- _What to work on_:
Pull every line that includes the word "radius" from the data.

- _Records shown_:
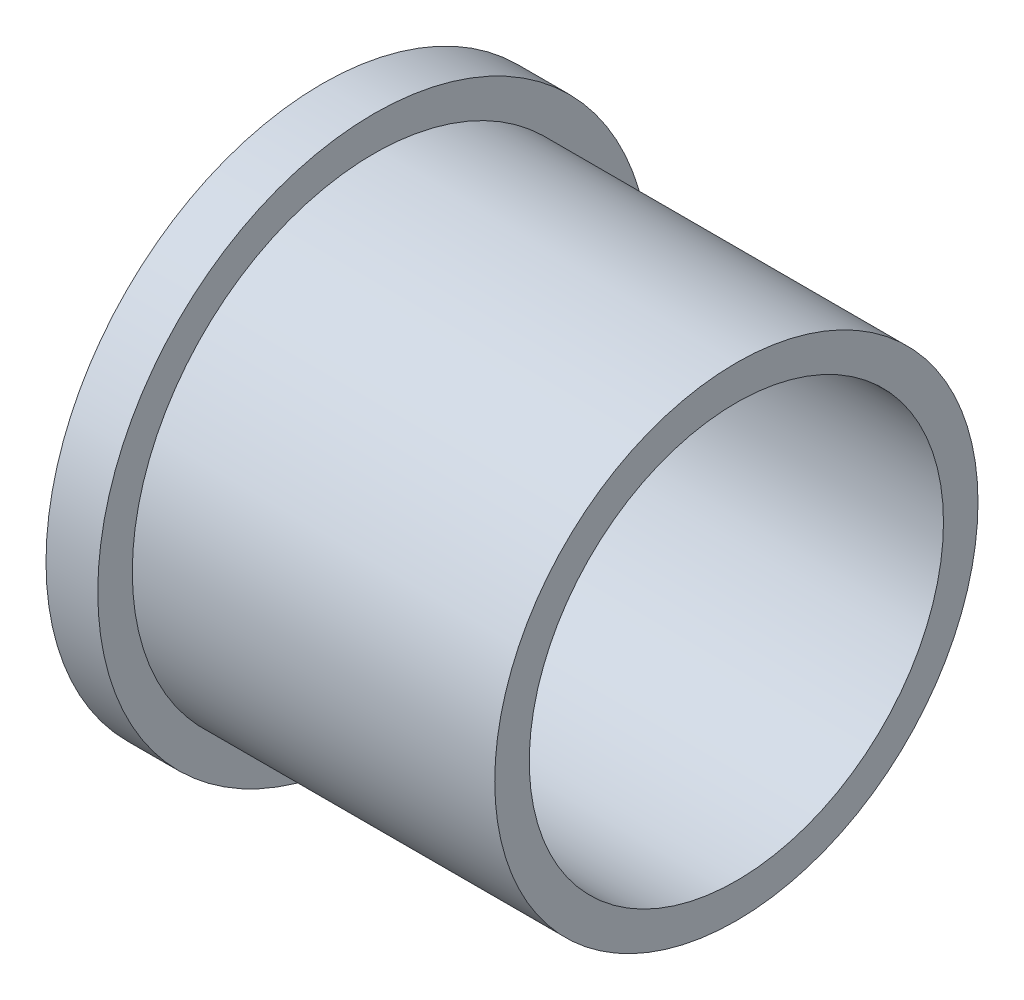
SolidWorks part; units mm, degrees
material "Tin Bearing Bronze"
ref_plane "Front Plane" through (0, 0, 0) normal (0, 0, 1) x (1, 0, 0)
ref_plane "Top Plane" through (0, 0, 0) normal (0, 1, 0) x (1, 0, 0)
ref_plane "Right Plane" through (0, 0, 0) normal (1, 0, 0) x (0, 0, -1)
sketch "Sketch1" plane through (0, 0, 0) normal (1, 0, 0) x (0, 0, -1)
  circle A0 centre (0, 0) radius 19.05
  circle A1 centre (0, 0) radius 22.225
extrude "Boss-Extrude1" add sketch "Sketch1" along normal blind 38.1
sketch "Sketch2" plane through (0, 0, 0) normal (-1, 0, 0) x (0, 0, 1)
  circle A0 centre (0, 0) radius 22.225
  circle A1 centre (0, 0) radius 25.4
extrude "Boss-Extrude2" add sketch "Sketch2" against normal blind 4.7625

- _Solved exercise_:
  circle A0 centre (0, 0) radius 19.05
  circle A1 centre (0, 0) radius 22.225
  circle A0 centre (0, 0) radius 22.225
  circle A1 centre (0, 0) radius 25.4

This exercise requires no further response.